That's because you've never actually spent the time, or money, to find out any different. It's easy to formulate an opinion, it's a whole other story to go do the testing and actually get the facts.

Got in 150 new tractors one year. Ran Baldwin filters on 50, Fleetguard on 50, and Donaldson on 50 for the first 150K miles. There was very little difference in the metal particulates in the oil samples between the filter brands over the course of the test.
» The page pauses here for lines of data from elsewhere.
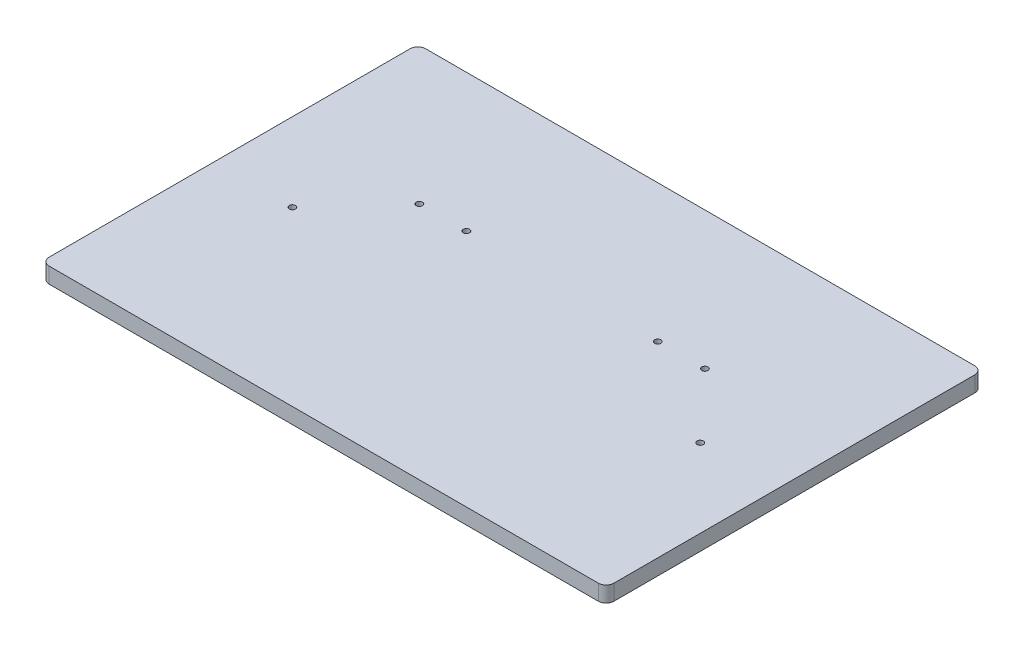
ISO-10303-21;
HEADER;
FILE_DESCRIPTION(('STEP AP214'),'2;1');
FILE_NAME('part.step','',(''),(''),'','','');
FILE_SCHEMA(('AUTOMOTIVE_DESIGN { 1 0 10303 214 1 1 1 1 }'));
ENDSEC;
DATA;
#1=APPLICATION_CONTEXT('core data for automotive mechanical design processes');
#2=APPLICATION_PROTOCOL_DEFINITION('international standard','automotive_design',2000,#1);
#3=PRODUCT_CONTEXT('',#1,'mechanical');
#4=PRODUCT('Part','Part','',(#3));
#5=PRODUCT_RELATED_PRODUCT_CATEGORY('part','',(#4));
#6=PRODUCT_DEFINITION_FORMATION('','',#4);
#7=PRODUCT_DEFINITION_CONTEXT('part definition',#1,'design');
#8=PRODUCT_DEFINITION('design','',#6,#7);
#9=PRODUCT_DEFINITION_SHAPE('','',#8);
#10=(LENGTH_UNIT() NAMED_UNIT(*) SI_UNIT(.MILLI.,.METRE.));
#11=(NAMED_UNIT(*) PLANE_ANGLE_UNIT() SI_UNIT($,.RADIAN.));
#12=(NAMED_UNIT(*) SI_UNIT($,.STERADIAN.) SOLID_ANGLE_UNIT());
#13=UNCERTAINTY_MEASURE_WITH_UNIT(LENGTH_MEASURE(1.E-05),#10,'distance_accuracy_value','');
#14=(GEOMETRIC_REPRESENTATION_CONTEXT(3) GLOBAL_UNCERTAINTY_ASSIGNED_CONTEXT((#13)) GLOBAL_UNIT_ASSIGNED_CONTEXT((#10,
#11,#12)) REPRESENTATION_CONTEXT('',''));
#15=CARTESIAN_POINT('',(0.,0.,0.));
#16=DIRECTION('',(0.,0.,1.));
#17=DIRECTION('',(1.,0.,0.));
#18=AXIS2_PLACEMENT_3D('',#15,#16,#17);
#19=CARTESIAN_POINT('',(-222.25,12.7,-146.05));
#20=DIRECTION('',(0.,1.,0.));
#21=DIRECTION('',(0.,0.,1.));
#22=AXIS2_PLACEMENT_3D('',#19,#20,#21);
#23=PLANE('',#22);
#24=CARTESIAN_POINT('',(115.07469238,12.7,-41.0459369351617));
#25=DIRECTION('',(0.,1.,0.));
#26=DIRECTION('',(0.,0.,1.));
#27=AXIS2_PLACEMENT_3D('',#24,#25,#26);
#28=CIRCLE('',#27,2.54000000000001);
#29=CARTESIAN_POINT('',(115.07469238,12.7,-38.5059369351617));
#30=VERTEX_POINT('',#29);
#31=EDGE_CURVE('E209',#30,#30,#28,.T.);
#32=ORIENTED_EDGE('',*,*,#31,.F.);
#33=EDGE_LOOP('',(#32));
#34=FACE_BOUND('',#33,.T.);
#35=CARTESIAN_POINT('',(76.97469238,12.7,-41.0459369351617));
#36=DIRECTION('',(0.,1.,0.));
#37=DIRECTION('',(0.,0.,1.));
#38=AXIS2_PLACEMENT_3D('',#35,#36,#37);
#39=CIRCLE('',#38,2.54);
#40=CARTESIAN_POINT('',(76.97469238,12.7,-38.5059369351617));
#41=VERTEX_POINT('',#40);
#42=EDGE_CURVE('E203',#41,#41,#39,.T.);
#43=ORIENTED_EDGE('',*,*,#42,.F.);
#44=EDGE_LOOP('',(#43));
#45=FACE_BOUND('',#44,.T.);
#46=CARTESIAN_POINT('',(-77.96530762,12.7,-41.0459369351617));
#47=DIRECTION('',(0.,1.,0.));
#48=DIRECTION('',(0.,0.,1.));
#49=AXIS2_PLACEMENT_3D('',#46,#47,#48);
#50=CIRCLE('',#49,2.53999999999998);
#51=CARTESIAN_POINT('',(-77.96530762,12.7,-38.5059369351617));
#52=VERTEX_POINT('',#51);
#53=EDGE_CURVE('E197',#52,#52,#50,.T.);
#54=ORIENTED_EDGE('',*,*,#53,.F.);
#55=EDGE_LOOP('',(#54));
#56=FACE_BOUND('',#55,.T.);
#57=CARTESIAN_POINT('',(-116.06530762,12.7,-41.0459369351617));
#58=DIRECTION('',(0.,1.,0.));
#59=DIRECTION('',(0.,0.,1.));
#60=AXIS2_PLACEMENT_3D('',#57,#58,#59);
#61=CIRCLE('',#60,2.53999999999998);
#62=CARTESIAN_POINT('',(-116.06530762,12.7,-38.5059369351617));
#63=VERTEX_POINT('',#62);
#64=EDGE_CURVE('E191',#63,#63,#61,.T.);
#65=ORIENTED_EDGE('',*,*,#64,.F.);
#66=EDGE_LOOP('',(#65));
#67=FACE_BOUND('',#66,.T.);
#68=CARTESIAN_POINT('',(-165.1,12.7,12.7));
#69=DIRECTION('',(0.,1.,0.));
#70=DIRECTION('',(0.,0.,1.));
#71=AXIS2_PLACEMENT_3D('',#68,#69,#70);
#72=CIRCLE('',#71,2.53999999999998);
#73=CARTESIAN_POINT('',(-165.1,12.7,15.24));
#74=VERTEX_POINT('',#73);
#75=EDGE_CURVE('E134',#74,#74,#72,.T.);
#76=ORIENTED_EDGE('',*,*,#75,.F.);
#77=EDGE_LOOP('',(#76));
#78=FACE_BOUND('',#77,.T.);
#79=CARTESIAN_POINT('',(-222.25,12.7,-146.05));
#80=DIRECTION('',(0.,1.,0.));
#81=DIRECTION('',(0.,0.,1.));
#82=AXIS2_PLACEMENT_3D('',#79,#80,#81);
#83=CIRCLE('',#82,6.34999999999999);
#84=CARTESIAN_POINT('',(-222.25,12.7,-152.4));
#85=VERTEX_POINT('',#84);
#86=CARTESIAN_POINT('',(-228.6,12.7,-146.05));
#87=VERTEX_POINT('',#86);
#88=EDGE_CURVE('E145',#85,#87,#83,.T.);
#89=ORIENTED_EDGE('',*,*,#88,.T.);
#90=DIRECTION('',(0.,0.,1.));
#91=VECTOR('',#90,1.);
#92=CARTESIAN_POINT('',(-228.6,12.7,-146.05));
#93=LINE('',#92,#91);
#94=CARTESIAN_POINT('',(-228.6,12.7,146.05));
#95=VERTEX_POINT('',#94);
#96=EDGE_CURVE('E93',#87,#95,#93,.T.);
#97=ORIENTED_EDGE('',*,*,#96,.T.);
#98=CARTESIAN_POINT('',(-222.25,12.7,146.05));
#99=DIRECTION('',(0.,1.,0.));
#100=DIRECTION('',(0.,0.,-1.));
#101=AXIS2_PLACEMENT_3D('',#98,#99,#100);
#102=CIRCLE('',#101,6.34999999999999);
#103=CARTESIAN_POINT('',(-222.25,12.7,152.4));
#104=VERTEX_POINT('',#103);
#105=EDGE_CURVE('E160',#95,#104,#102,.T.);
#106=ORIENTED_EDGE('',*,*,#105,.T.);
#107=DIRECTION('',(1.,0.,0.));
#108=VECTOR('',#107,1.);
#109=CARTESIAN_POINT('',(222.25,12.7,152.4));
#110=LINE('',#109,#108);
#111=CARTESIAN_POINT('',(222.25,12.7,152.4));
#112=VERTEX_POINT('',#111);
#113=EDGE_CURVE('E173',#104,#112,#110,.T.);
#114=ORIENTED_EDGE('',*,*,#113,.T.);
#115=CARTESIAN_POINT('',(222.25,12.7,146.05));
#116=DIRECTION('',(0.,1.,0.));
#117=DIRECTION('',(0.,0.,-1.));
#118=AXIS2_PLACEMENT_3D('',#115,#116,#117);
#119=CIRCLE('',#118,6.34999999999999);
#120=CARTESIAN_POINT('',(228.6,12.7,146.05));
#121=VERTEX_POINT('',#120);
#122=EDGE_CURVE('E112',#112,#121,#119,.T.);
#123=ORIENTED_EDGE('',*,*,#122,.T.);
#124=DIRECTION('',(0.,0.,-1.));
#125=VECTOR('',#124,1.);
#126=CARTESIAN_POINT('',(228.6,12.7,-146.05));
#127=LINE('',#126,#125);
#128=CARTESIAN_POINT('',(228.6,12.7,-146.05));
#129=VERTEX_POINT('',#128);
#130=EDGE_CURVE('E106',#121,#129,#127,.T.);
#131=ORIENTED_EDGE('',*,*,#130,.T.);
#132=CARTESIAN_POINT('',(222.25,12.7,-146.05));
#133=DIRECTION('',(0.,1.,0.));
#134=DIRECTION('',(0.,0.,-1.));
#135=AXIS2_PLACEMENT_3D('',#132,#133,#134);
#136=CIRCLE('',#135,6.34999999999999);
#137=CARTESIAN_POINT('',(222.25,12.7,-152.4));
#138=VERTEX_POINT('',#137);
#139=EDGE_CURVE('E110',#129,#138,#136,.T.);
#140=ORIENTED_EDGE('',*,*,#139,.T.);
#141=DIRECTION('',(-1.,0.,0.));
#142=VECTOR('',#141,1.);
#143=CARTESIAN_POINT('',(222.25,12.7,-152.4));
#144=LINE('',#143,#142);
#145=EDGE_CURVE('E50',#138,#85,#144,.T.);
#146=ORIENTED_EDGE('',*,*,#145,.T.);
#147=EDGE_LOOP('',(#89,#97,#106,#114,#123,#131,#140,#146));
#148=FACE_BOUND('',#147,.T.);
#149=CARTESIAN_POINT('',(165.1,12.7,12.7000000000001));
#150=DIRECTION('',(0.,1.,0.));
#151=DIRECTION('',(0.,0.,-1.));
#152=AXIS2_PLACEMENT_3D('',#149,#150,#151);
#153=CIRCLE('',#152,2.53999999999998);
#154=CARTESIAN_POINT('',(165.1,12.7,10.1600000000001));
#155=VERTEX_POINT('',#154);
#156=EDGE_CURVE('E182',#155,#155,#153,.T.);
#157=ORIENTED_EDGE('',*,*,#156,.F.);
#158=EDGE_LOOP('',(#157));
#159=FACE_BOUND('',#158,.T.);
#160=ADVANCED_FACE('F33',(#34,#45,#56,#67,#78,#148,#159),#23,.T.);
#161=CARTESIAN_POINT('',(-222.25,0.,-146.05));
#162=DIRECTION('',(0.,1.,0.));
#163=DIRECTION('',(0.,0.,1.));
#164=AXIS2_PLACEMENT_3D('',#161,#162,#163);
#165=PLANE('',#164);
#166=CARTESIAN_POINT('',(115.07469238,0.,-41.0459369351617));
#167=DIRECTION('',(0.,1.,0.));
#168=DIRECTION('',(0.,0.,1.));
#169=AXIS2_PLACEMENT_3D('',#166,#167,#168);
#170=CIRCLE('',#169,2.54000000000001);
#171=CARTESIAN_POINT('',(115.07469238,0.,-38.5059369351617));
#172=VERTEX_POINT('',#171);
#173=EDGE_CURVE('E206',#172,#172,#170,.T.);
#174=ORIENTED_EDGE('',*,*,#173,.T.);
#175=EDGE_LOOP('',(#174));
#176=FACE_BOUND('',#175,.T.);
#177=CARTESIAN_POINT('',(76.97469238,0.,-41.0459369351617));
#178=DIRECTION('',(0.,1.,0.));
#179=DIRECTION('',(0.,0.,1.));
#180=AXIS2_PLACEMENT_3D('',#177,#178,#179);
#181=CIRCLE('',#180,2.54);
#182=CARTESIAN_POINT('',(76.97469238,0.,-38.5059369351617));
#183=VERTEX_POINT('',#182);
#184=EDGE_CURVE('E200',#183,#183,#181,.T.);
#185=ORIENTED_EDGE('',*,*,#184,.T.);
#186=EDGE_LOOP('',(#185));
#187=FACE_BOUND('',#186,.T.);
#188=CARTESIAN_POINT('',(-77.96530762,0.,-41.0459369351617));
#189=DIRECTION('',(0.,1.,0.));
#190=DIRECTION('',(0.,0.,1.));
#191=AXIS2_PLACEMENT_3D('',#188,#189,#190);
#192=CIRCLE('',#191,2.53999999999998);
#193=CARTESIAN_POINT('',(-77.96530762,0.,-38.5059369351617));
#194=VERTEX_POINT('',#193);
#195=EDGE_CURVE('E194',#194,#194,#192,.T.);
#196=ORIENTED_EDGE('',*,*,#195,.T.);
#197=EDGE_LOOP('',(#196));
#198=FACE_BOUND('',#197,.T.);
#199=CARTESIAN_POINT('',(-116.06530762,0.,-41.0459369351617));
#200=DIRECTION('',(0.,1.,0.));
#201=DIRECTION('',(0.,0.,1.));
#202=AXIS2_PLACEMENT_3D('',#199,#200,#201);
#203=CIRCLE('',#202,2.53999999999998);
#204=CARTESIAN_POINT('',(-116.06530762,0.,-38.5059369351617));
#205=VERTEX_POINT('',#204);
#206=EDGE_CURVE('E188',#205,#205,#203,.T.);
#207=ORIENTED_EDGE('',*,*,#206,.T.);
#208=EDGE_LOOP('',(#207));
#209=FACE_BOUND('',#208,.T.);
#210=CARTESIAN_POINT('',(-165.1,0.,12.7));
#211=DIRECTION('',(0.,1.,0.));
#212=DIRECTION('',(0.,0.,1.));
#213=AXIS2_PLACEMENT_3D('',#210,#211,#212);
#214=CIRCLE('',#213,2.53999999999998);
#215=CARTESIAN_POINT('',(-165.1,0.,15.24));
#216=VERTEX_POINT('',#215);
#217=EDGE_CURVE('E179',#216,#216,#214,.T.);
#218=ORIENTED_EDGE('',*,*,#217,.T.);
#219=EDGE_LOOP('',(#218));
#220=FACE_BOUND('',#219,.T.);
#221=CARTESIAN_POINT('',(-222.25,0.,-146.05));
#222=DIRECTION('',(0.,1.,0.));
#223=DIRECTION('',(0.,0.,1.));
#224=AXIS2_PLACEMENT_3D('',#221,#222,#223);
#225=CIRCLE('',#224,6.34999999999999);
#226=CARTESIAN_POINT('',(-222.25,0.,-152.4));
#227=VERTEX_POINT('',#226);
#228=CARTESIAN_POINT('',(-228.6,0.,-146.05));
#229=VERTEX_POINT('',#228);
#230=EDGE_CURVE('E130',#227,#229,#225,.T.);
#231=ORIENTED_EDGE('',*,*,#230,.F.);
#232=DIRECTION('',(-1.,0.,0.));
#233=VECTOR('',#232,1.);
#234=CARTESIAN_POINT('',(222.25,0.,-152.4));
#235=LINE('',#234,#233);
#236=CARTESIAN_POINT('',(222.25,0.,-152.4));
#237=VERTEX_POINT('',#236);
#238=EDGE_CURVE('E85',#237,#227,#235,.T.);
#239=ORIENTED_EDGE('',*,*,#238,.F.);
#240=CARTESIAN_POINT('',(222.25,0.,-146.05));
#241=DIRECTION('',(0.,1.,0.));
#242=DIRECTION('',(0.,0.,-1.));
#243=AXIS2_PLACEMENT_3D('',#240,#241,#242);
#244=CIRCLE('',#243,6.34999999999999);
#245=CARTESIAN_POINT('',(228.6,0.,-146.05));
#246=VERTEX_POINT('',#245);
#247=EDGE_CURVE('E79',#246,#237,#244,.T.);
#248=ORIENTED_EDGE('',*,*,#247,.F.);
#249=DIRECTION('',(0.,0.,-1.));
#250=VECTOR('',#249,1.);
#251=CARTESIAN_POINT('',(228.6,0.,-146.05));
#252=LINE('',#251,#250);
#253=CARTESIAN_POINT('',(228.6,0.,146.05));
#254=VERTEX_POINT('',#253);
#255=EDGE_CURVE('E120',#254,#246,#252,.T.);
#256=ORIENTED_EDGE('',*,*,#255,.F.);
#257=CARTESIAN_POINT('',(222.25,0.,146.05));
#258=DIRECTION('',(0.,1.,0.));
#259=DIRECTION('',(0.,0.,-1.));
#260=AXIS2_PLACEMENT_3D('',#257,#258,#259);
#261=CIRCLE('',#260,6.34999999999999);
#262=CARTESIAN_POINT('',(222.25,0.,152.4));
#263=VERTEX_POINT('',#262);
#264=EDGE_CURVE('E140',#263,#254,#261,.T.);
#265=ORIENTED_EDGE('',*,*,#264,.F.);
#266=DIRECTION('',(1.,0.,0.));
#267=VECTOR('',#266,1.);
#268=CARTESIAN_POINT('',(222.25,0.,152.4));
#269=LINE('',#268,#267);
#270=CARTESIAN_POINT('',(-222.25,0.,152.4));
#271=VERTEX_POINT('',#270);
#272=EDGE_CURVE('E138',#271,#263,#269,.T.);
#273=ORIENTED_EDGE('',*,*,#272,.F.);
#274=CARTESIAN_POINT('',(-222.25,0.,146.05));
#275=DIRECTION('',(0.,1.,0.));
#276=DIRECTION('',(0.,0.,-1.));
#277=AXIS2_PLACEMENT_3D('',#274,#275,#276);
#278=CIRCLE('',#277,6.34999999999999);
#279=CARTESIAN_POINT('',(-228.6,0.,146.05));
#280=VERTEX_POINT('',#279);
#281=EDGE_CURVE('E136',#280,#271,#278,.T.);
#282=ORIENTED_EDGE('',*,*,#281,.F.);
#283=DIRECTION('',(0.,0.,1.));
#284=VECTOR('',#283,1.);
#285=CARTESIAN_POINT('',(-228.6,0.,-146.05));
#286=LINE('',#285,#284);
#287=EDGE_CURVE('E133',#229,#280,#286,.T.);
#288=ORIENTED_EDGE('',*,*,#287,.F.);
#289=EDGE_LOOP('',(#231,#239,#248,#256,#265,#273,#282,#288));
#290=FACE_BOUND('',#289,.T.);
#291=CARTESIAN_POINT('',(165.1,0.,12.7000000000001));
#292=DIRECTION('',(0.,1.,0.));
#293=DIRECTION('',(0.,0.,-1.));
#294=AXIS2_PLACEMENT_3D('',#291,#292,#293);
#295=CIRCLE('',#294,2.53999999999998);
#296=CARTESIAN_POINT('',(165.1,0.,10.1600000000001));
#297=VERTEX_POINT('',#296);
#298=EDGE_CURVE('E185',#297,#297,#295,.T.);
#299=ORIENTED_EDGE('',*,*,#298,.T.);
#300=EDGE_LOOP('',(#299));
#301=FACE_BOUND('',#300,.T.);
#302=ADVANCED_FACE('F164',(#176,#187,#198,#209,#220,#290,#301),#165,.F.);
#303=CARTESIAN_POINT('',(-222.25,12.7,-146.05));
#304=DIRECTION('',(0.,-1.,0.));
#305=DIRECTION('',(0.,0.,-1.));
#306=AXIS2_PLACEMENT_3D('',#303,#304,#305);
#307=CYLINDRICAL_SURFACE('',#306,6.34999999999999);
#308=ORIENTED_EDGE('',*,*,#230,.T.);
#309=DIRECTION('',(0.,-1.,0.));
#310=VECTOR('',#309,1.);
#311=CARTESIAN_POINT('',(-228.6,12.7,-146.05));
#312=LINE('',#311,#310);
#313=EDGE_CURVE('E11',#87,#229,#312,.T.);
#314=ORIENTED_EDGE('',*,*,#313,.F.);
#315=ORIENTED_EDGE('',*,*,#88,.F.);
#316=DIRECTION('',(0.,-1.,0.));
#317=VECTOR('',#316,1.);
#318=CARTESIAN_POINT('',(-222.25,12.7,-152.4));
#319=LINE('',#318,#317);
#320=EDGE_CURVE('E126',#85,#227,#319,.T.);
#321=ORIENTED_EDGE('',*,*,#320,.T.);
#322=EDGE_LOOP('',(#308,#314,#315,#321));
#323=FACE_BOUND('',#322,.T.);
#324=ADVANCED_FACE('F35',(#323),#307,.T.);
#325=CARTESIAN_POINT('',(-228.6,12.7,-146.05));
#326=DIRECTION('',(1.,0.,0.));
#327=DIRECTION('',(0.,0.,-1.));
#328=AXIS2_PLACEMENT_3D('',#325,#326,#327);
#329=PLANE('',#328);
#330=ORIENTED_EDGE('',*,*,#287,.T.);
#331=DIRECTION('',(0.,-1.,0.));
#332=VECTOR('',#331,1.);
#333=CARTESIAN_POINT('',(-228.6,12.7,146.05));
#334=LINE('',#333,#332);
#335=EDGE_CURVE('E42',#95,#280,#334,.T.);
#336=ORIENTED_EDGE('',*,*,#335,.F.);
#337=ORIENTED_EDGE('',*,*,#96,.F.);
#338=ORIENTED_EDGE('',*,*,#313,.T.);
#339=EDGE_LOOP('',(#330,#336,#337,#338));
#340=FACE_BOUND('',#339,.T.);
#341=ADVANCED_FACE('F249',(#340),#329,.F.);
#342=CARTESIAN_POINT('',(-222.25,12.7,146.05));
#343=DIRECTION('',(0.,-1.,0.));
#344=DIRECTION('',(0.,0.,-1.));
#345=AXIS2_PLACEMENT_3D('',#342,#343,#344);
#346=CYLINDRICAL_SURFACE('',#345,6.34999999999999);
#347=ORIENTED_EDGE('',*,*,#281,.T.);
#348=DIRECTION('',(0.,-1.,0.));
#349=VECTOR('',#348,1.);
#350=CARTESIAN_POINT('',(-222.25,12.7,152.4));
#351=LINE('',#350,#349);
#352=EDGE_CURVE('E152',#104,#271,#351,.T.);
#353=ORIENTED_EDGE('',*,*,#352,.F.);
#354=ORIENTED_EDGE('',*,*,#105,.F.);
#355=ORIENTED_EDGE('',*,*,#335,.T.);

The major difference was 20% less in the cost of Baldwin filters compared to the other two.

*"oil and filters are the cheapest stuff you'll ever use"*

Tell the CEO & CFO that when they're seeing the invoices for a 1,000 truck operation and you're spending $350,000 a year on filters


----------



## Bob Driver (Nov 1, 2017)

unsquidly said:


> I think that our Detroit's are 30 or 40K now running conventional......We run DD-15's Even Volvo is 30K on conventional now and we all know how high quality those D13 and D15 Volvo's are......LOL.....NOT


DDEC is also currently saying 60,000 mile drain intervals on line haul operations. Volvo is being tricky as usual..... "If idle time exceeds 30%, use the next lower drain interval". That would be any solo-driver in a condo sleeper.


----------



## GaryL (Nov 9, 2021)

unsquidly said:


> Why are you doing an oil change every 3,500 miles on a diesel pick up? I have had Ford diesel pick ups for years.....7.3, 6.0 and 6.7 (skipped that POS 6.4). Anyway.......I used Rotella, Delvac or Delo and changed every 7,500 miles and never had an oil related problem......My 2004 F-350 with a "Bullet Proof" turned up 6.0 has about 100K since the "rework" and 0 problems.....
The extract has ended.